Le second lac surgit sans crier gare. Soya. D'après leur guide, ce nom signifiait "l'ombre". Une ombre douce, posée comme un voile sur l'eau, qui accentuait la singularité du lieu. Protégé par les grandes falaises, Soya paraissait plus discret, plus mystérieux. Ses rives boisées semblaient retenir leur souffle. Aucune clarté turquoise ni galets visibles sous l'eau : la surface était lisse, impénétrable comme si elle renfermait un secret bien gardé.
Fanny ralentit le pas. Ce silence, différent du précédent, l'invitait non à la contemplation mais à une écoute plus intime qu'elle s'offrit sans mot, assise en tailleur au bord de l'eau.
Le vent souleva quelques mèches de ses cheveux qu'elle dompta en les replaçant délicatement derrière ses oreilles. Elle effleura du bout des doigts la surface sombre et envoûtante de Soya, provoquant de frêles ondulations qui s'estompèrent dans un ballet mécanique. Elle se pencha vers le lac. Son reflet, une silhouette floue, l'ébauche de son âme qui peinait à se découper sur la surface. Elle songea à sa vie, à cette version d'elle-même qu'elle avait patiemment façonnée, qu'elle avait mis des années à forger de la manière la plus nette possible, et pourtant, elle ne se reconnaissait plus.

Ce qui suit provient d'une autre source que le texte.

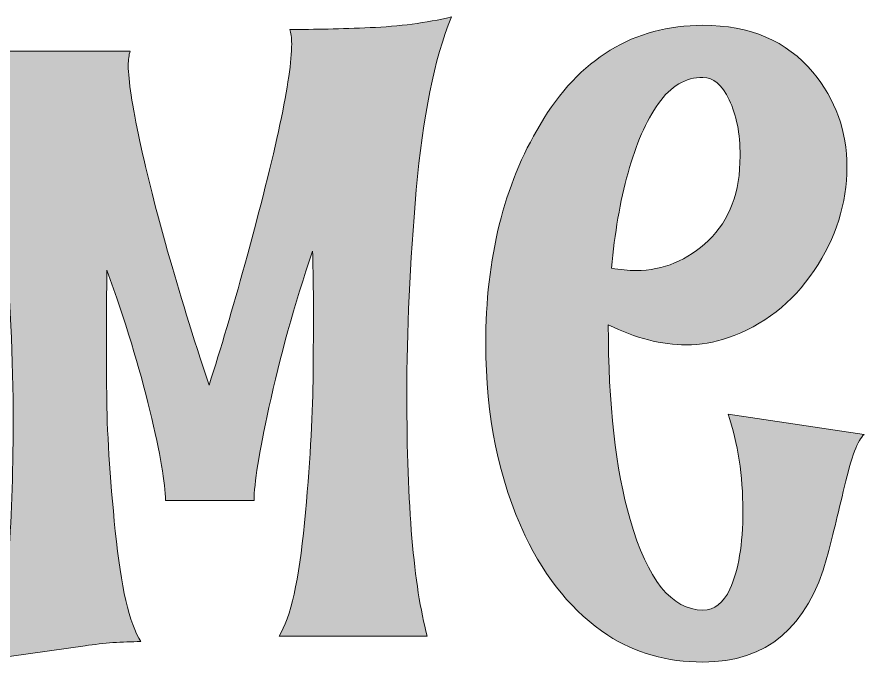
# Model space of a CAD drawing. Header units: inches. Extents: x 137 to 946, y -993 to -87.
# Drawn here: x 537.8 to 825, y -992.7 to -774.1 of the extents above; entities that cross this region are included whole.
import ezdxf

# ---------------------------------------------------------------- set-up
doc = ezdxf.new("R2010")
doc.units = ezdxf.units.IN
doc.header["$MEASUREMENT"] = 0
doc.layers.add('Layer 1', color=7, linetype='Continuous')

# ---------------------------------------------------------------- blocks, each defined once
blk = doc.blocks.new('block 3')
at = {"layer": 'Layer 1', "true_color": 0xbe1e2f}
h = blk.add_hatch(color=242, dxfattribs=at)
h.dxf.hatch_style = 2
edge = h.paths.add_edge_path()
edge.add_spline(control_points=[(529.4, -991.6), (534.12, -974.71), (536.48, -947.95), (536.48, -911.33), (536.48, -890.34), (535.4, -867.73), (533.25, -843.49), (531.1, -819.25), (527.14, -799.99), (521.37, -785.72), (521.37, -785.72), (576.14, -785.72), (576.14, -785.72), (575.72, -786.88), (575.51, -788.5), (575.51, -790.6), (575.51, -795.43), (576.82, -803.98), (579.45, -816.26), (584.17, -838.29), (591.99, -865.84), (602.9, -898.9), (606.89, -886.41), (610.93, -872.77), (615.02, -857.97), (625.62, -819.56), (630.92, -794.64), (630.92, -783.2), (630.92, -781.11), (630.71, -779.48), (630.29, -778.33), (638.58, -778.33), (647.66, -778.12), (657.52, -777.7), (667.38, -777.28), (676.57, -776.07), (685.07, -774.07), (679.29, -788.35), (675.33, -807.89), (673.18, -832.71), (671.03, -857.53), (669.96, -880.69), (669.96, -902.2), (669.96, -939.66), (672.26, -966.89), (676.88, -983.89), (676.88, -983.89), (626.67, -983.89), (626.67, -983.89), (630.55, -977.7), (633.41, -964.93), (635.25, -945.56), (637.08, -926.2), (638.05, -910.18), (638.16, -897.48), (638.26, -884.78), (638.32, -877.65), (638.32, -876.07), (638.32, -868.31), (638.21, -860.75), (638, -853.41), (631.81, -871.77), (626.88, -889.45), (623.21, -906.45), (619.85, -921.77), (618.17, -932.26), (618.17, -937.93), (618.17, -937.93), (588.11, -937.93), (588.11, -937.93), (588.11, -932.26), (586.35, -922.11), (582.83, -907.47), (579.32, -892.83), (574.46, -876.96), (568.27, -859.86), (568.17, -866.58), (568.12, -873.5), (568.12, -880.64), (568.12, -882.21), (568.14, -889.19), (568.19, -901.57), (568.25, -913.95), (569.22, -929.56), (571.11, -948.4), (573, -967.24), (575.88, -979.7), (579.76, -985.78), (573.47, -985.78), (567.17, -986.25), (560.88, -987.2), (560.88, -987.2), (529.4, -991.6), (529.4, -991.6)], knot_values=[0, 0, 0, 0, 1, 1, 1, 2, 2, 2, 3, 3, 3, 4, 4, 4, 5, 5, 5, 6, 6, 6, 7, 7, 7, 8, 8, 8, 9, 9, 9, 10, 10, 10, 11, 11, 11, 12, 12, 12, 13, 13, 13, 14, 14, 14, 15, 15, 15, 16, 16, 16, 17, 17, 17, 18, 18, 18, 19, 19, 19, 20, 20, 20, 21, 21, 21, 22, 22, 22, 23, 23, 23, 24, 24, 24, 25, 25, 25, 26, 26, 26, 27, 27, 27, 28, 28, 28, 29, 29, 29, 30, 30, 30, 31, 31, 31, 31], degree=3, periodic=1)
h = blk.add_hatch(color=242, dxfattribs=at)
h.dxf.hatch_style = 2
edge = h.paths.add_edge_path()
edge.add_spline(control_points=[(770.38, -992.71), (758.1, -992.71), (747.34, -989.67), (738.11, -983.58), (726.46, -975.92), (717.12, -964.69), (710.09, -949.89), (701.17, -931.01), (696.71, -909.34), (696.71, -884.89), (696.71, -855.82), (702.85, -831.05), (715.13, -810.59), (728.46, -788.14), (746.87, -776.91), (770.38, -776.91), (786.33, -776.91), (798.76, -782.21), (807.68, -792.81), (815.34, -802.04), (819.17, -812.74), (819.17, -824.92), (819.17, -837.3), (815.47, -849), (808.08, -860.02), (800.68, -871.03), (790.89, -878.64), (778.72, -882.84), (774.21, -884.41), (769.54, -885.2), (764.71, -885.2), (756.42, -885.2), (747.61, -882.95), (738.27, -878.43), (738.27, -905.4), (740.73, -927.38), (745.67, -944.38), (751.54, -964.85), (759.78, -975.08), (770.38, -975.08), (774.26, -975.08), (777.3, -972.72), (779.51, -967.99), (782.44, -961.7), (783.91, -952.83), (783.91, -941.39), (783.91, -929.54), (782.23, -918.62), (778.88, -908.65), (778.88, -908.65), (825, -915.58), (825, -915.58), (822.9, -917.36), (820.69, -923.19), (818.39, -933.05), (816.08, -942.92), (814.08, -951), (812.41, -957.29), (806, -980.9), (791.99, -992.71), (770.38, -992.71)], knot_values=[0, 0, 0, 0, 1, 1, 1, 2, 2, 2, 3, 3, 3, 4, 4, 4, 5, 5, 5, 6, 6, 6, 7, 7, 7, 8, 8, 8, 9, 9, 9, 10, 10, 10, 11, 11, 11, 12, 12, 12, 13, 13, 13, 14, 14, 14, 15, 15, 15, 16, 16, 16, 17, 17, 17, 18, 18, 18, 19, 19, 19, 20, 20, 20, 20], degree=3, periodic=1)
edge = h.paths.add_edge_path()
edge.add_spline(control_points=[(747.71, -860.02), (756.95, -860.02), (765.13, -856.61), (772.27, -849.79), (779.4, -842.97), (782.97, -833.41), (782.97, -821.14), (782.97, -813.58), (781.74, -807.26), (779.27, -802.17), (776.81, -797.08), (773.84, -794.54), (770.38, -794.54), (764.5, -794.54), (759.46, -797.5), (755.27, -803.43), (751.07, -809.36), (747.63, -817.18), (744.96, -826.88), (742.28, -836.59), (740.42, -847.37), (739.37, -859.23), (742.31, -859.76), (745.09, -860.02), (747.71, -860.02)], knot_values=[0, 0, 0, 0, 1, 1, 1, 2, 2, 2, 3, 3, 3, 4, 4, 4, 5, 5, 5, 6, 6, 6, 7, 7, 7, 8, 8, 8, 8], degree=3, periodic=1)
at = {"layer": 'Layer 1', "lineweight": 0}
for points, knots in [([(529.4, -991.6), (534.12, -974.71), (536.48, -947.95), (536.48, -911.33), (536.48, -890.34), (535.4, -867.73), (533.25, -843.49), (531.1, -819.25), (527.14, -799.99), (521.37, -785.72), (521.37, -785.72), (576.14, -785.72), (576.14, -785.72), (575.72, -786.88), (575.51, -788.5), (575.51, -790.6), (575.51, -795.43), (576.82, -803.98), (579.45, -816.26), (584.17, -838.29), (591.99, -865.84), (602.9, -898.9), (606.89, -886.41), (610.93, -872.77), (615.02, -857.97), (625.62, -819.56), (630.92, -794.64), (630.92, -783.2), (630.92, -781.11), (630.71, -779.48), (630.29, -778.33), (638.58, -778.33), (647.66, -778.12), (657.52, -777.7), (667.38, -777.28), (676.57, -776.07), (685.07, -774.07), (679.29, -788.35), (675.33, -807.89), (673.18, -832.71), (671.03, -857.53), (669.96, -880.69), (669.96, -902.2), (669.96, -939.66), (672.26, -966.89), (676.88, -983.89), (676.88, -983.89), (626.67, -983.89), (626.67, -983.89), (630.55, -977.7), (633.41, -964.93), (635.25, -945.56), (637.08, -926.2), (638.05, -910.18), (638.16, -897.48), (638.26, -884.78), (638.32, -877.65), (638.32, -876.07), (638.32, -868.31), (638.21, -860.75), (638, -853.41), (631.81, -871.77), (626.88, -889.45), (623.21, -906.45), (619.85, -921.77), (618.17, -932.26), (618.17, -937.93), (618.17, -937.93), (588.11, -937.93), (588.11, -937.93), (588.11, -932.26), (586.35, -922.11), (582.83, -907.47), (579.32, -892.83), (574.46, -876.96), (568.27, -859.86), (568.17, -866.58), (568.12, -873.5), (568.12, -880.64), (568.12, -882.21), (568.14, -889.19), (568.19, -901.57), (568.25, -913.95), (569.22, -929.56), (571.11, -948.4), (573, -967.24), (575.88, -979.7), (579.76, -985.78), (573.47, -985.78), (567.17, -986.25), (560.88, -987.2), (560.88, -987.2), (529.4, -991.6), (529.4, -991.6)], [0, 0, 0, 0, 1, 1, 1, 2, 2, 2, 3, 3, 3, 4, 4, 4, 5, 5, 5, 6, 6, 6, 7, 7, 7, 8, 8, 8, 9, 9, 9, 10, 10, 10, 11, 11, 11, 12, 12, 12, 13, 13, 13, 14, 14, 14, 15, 15, 15, 16, 16, 16, 17, 17, 17, 18, 18, 18, 19, 19, 19, 20, 20, 20, 21, 21, 21, 22, 22, 22, 23, 23, 23, 24, 24, 24, 25, 25, 25, 26, 26, 26, 27, 27, 27, 28, 28, 28, 29, 29, 29, 30, 30, 30, 31, 31, 31, 31]), ([(770.38, -992.71), (758.1, -992.71), (747.34, -989.67), (738.11, -983.58), (726.46, -975.92), (717.12, -964.69), (710.09, -949.89), (701.17, -931.01), (696.71, -909.34), (696.71, -884.89), (696.71, -855.82), (702.85, -831.05), (715.13, -810.59), (728.46, -788.14), (746.87, -776.91), (770.38, -776.91), (786.33, -776.91), (798.76, -782.21), (807.68, -792.81), (815.34, -802.04), (819.17, -812.74), (819.17, -824.92), (819.17, -837.3), (815.47, -849), (808.08, -860.02), (800.68, -871.03), (790.89, -878.64), (778.72, -882.84), (774.21, -884.41), (769.54, -885.2), (764.71, -885.2), (756.42, -885.2), (747.61, -882.95), (738.27, -878.43), (738.27, -905.4), (740.73, -927.38), (745.67, -944.38), (751.54, -964.85), (759.78, -975.08), (770.38, -975.08), (774.26, -975.08), (777.3, -972.72), (779.51, -967.99), (782.44, -961.7), (783.91, -952.83), (783.91, -941.39), (783.91, -929.54), (782.23, -918.62), (778.88, -908.65), (778.88, -908.65), (825, -915.58), (825, -915.58), (822.9, -917.36), (820.69, -923.19), (818.39, -933.05), (816.08, -942.92), (814.08, -951), (812.41, -957.29), (806, -980.9), (791.99, -992.71), (770.38, -992.71)], [0, 0, 0, 0, 1, 1, 1, 2, 2, 2, 3, 3, 3, 4, 4, 4, 5, 5, 5, 6, 6, 6, 7, 7, 7, 8, 8, 8, 9, 9, 9, 10, 10, 10, 11, 11, 11, 12, 12, 12, 13, 13, 13, 14, 14, 14, 15, 15, 15, 16, 16, 16, 17, 17, 17, 18, 18, 18, 19, 19, 19, 20, 20, 20, 20]), ([(747.71, -860.02), (756.95, -860.02), (765.13, -856.61), (772.27, -849.79), (779.4, -842.97), (782.97, -833.41), (782.97, -821.14), (782.97, -813.58), (781.74, -807.26), (779.27, -802.17), (776.81, -797.08), (773.84, -794.54), (770.38, -794.54), (764.5, -794.54), (759.46, -797.5), (755.27, -803.43), (751.07, -809.36), (747.63, -817.18), (744.96, -826.88), (742.28, -836.59), (740.42, -847.37), (739.37, -859.23), (742.31, -859.76), (745.09, -860.02), (747.71, -860.02)], [0, 0, 0, 0, 1, 1, 1, 2, 2, 2, 3, 3, 3, 4, 4, 4, 5, 5, 5, 6, 6, 6, 7, 7, 7, 8, 8, 8, 8])]:
    blk.add_open_spline(points, degree=3, knots=knots, dxfattribs=at)
blk = doc.blocks.new('block 2')
at = {"layer": 'Layer 1'}
blk.add_blockref('block 3', (0, 0), dxfattribs=at)

msp = doc.modelspace()

# ---------------------------------------------------------------- block references
at = {"layer": 'Layer 1'}
msp.add_blockref('block 2', (0, 0), dxfattribs=at)

doc.saveas('drawing.dxf')

Et soudain, une image lui revint.
Un autre lac. Serre-Ponçon.
Le lac de son enfance était celui de ses premières confidences, de son premier baiser volé, celui qui avait accompagné les foulées fuyantes de son père, sa folie douce et parfois imprévisible. Il avait également été le théâtre de ses déjeuners improvisés, de ses baignades d'été, de ses fous rires aux côtés de Kate et de ses frères.
Serre-Ponçon demeurait l'abri de ses souvenirs, la plupart heureux. Elle n'y pensait plus tellement. Son contact avec la nature s'était résumé à ses jogging matinaux le long du parc Monceau, jusqu'à ce qu'elle découvre un autre monde au-delà des frontières qu'elle s'était toujours imposées. Depuis son voyage en Afrique du Sud, elle reprenait peu à peu contact avec un monde qu'elle avait boudé, aveuglée par les oeillères de la réussite professionnelle, par la pression implicite que son père avait sur elle.
Malgré tous ses efforts, Maxime semblait toujours revenir au devant de la scène, comme si chaque pas était guidé irrémédiablement par une volonté de lui plaire, de le retrouver, de retrouver cette complicité qu'ils avaient partagé un jour, une complicité que sa mère avait probablement emportée dans sa tombe.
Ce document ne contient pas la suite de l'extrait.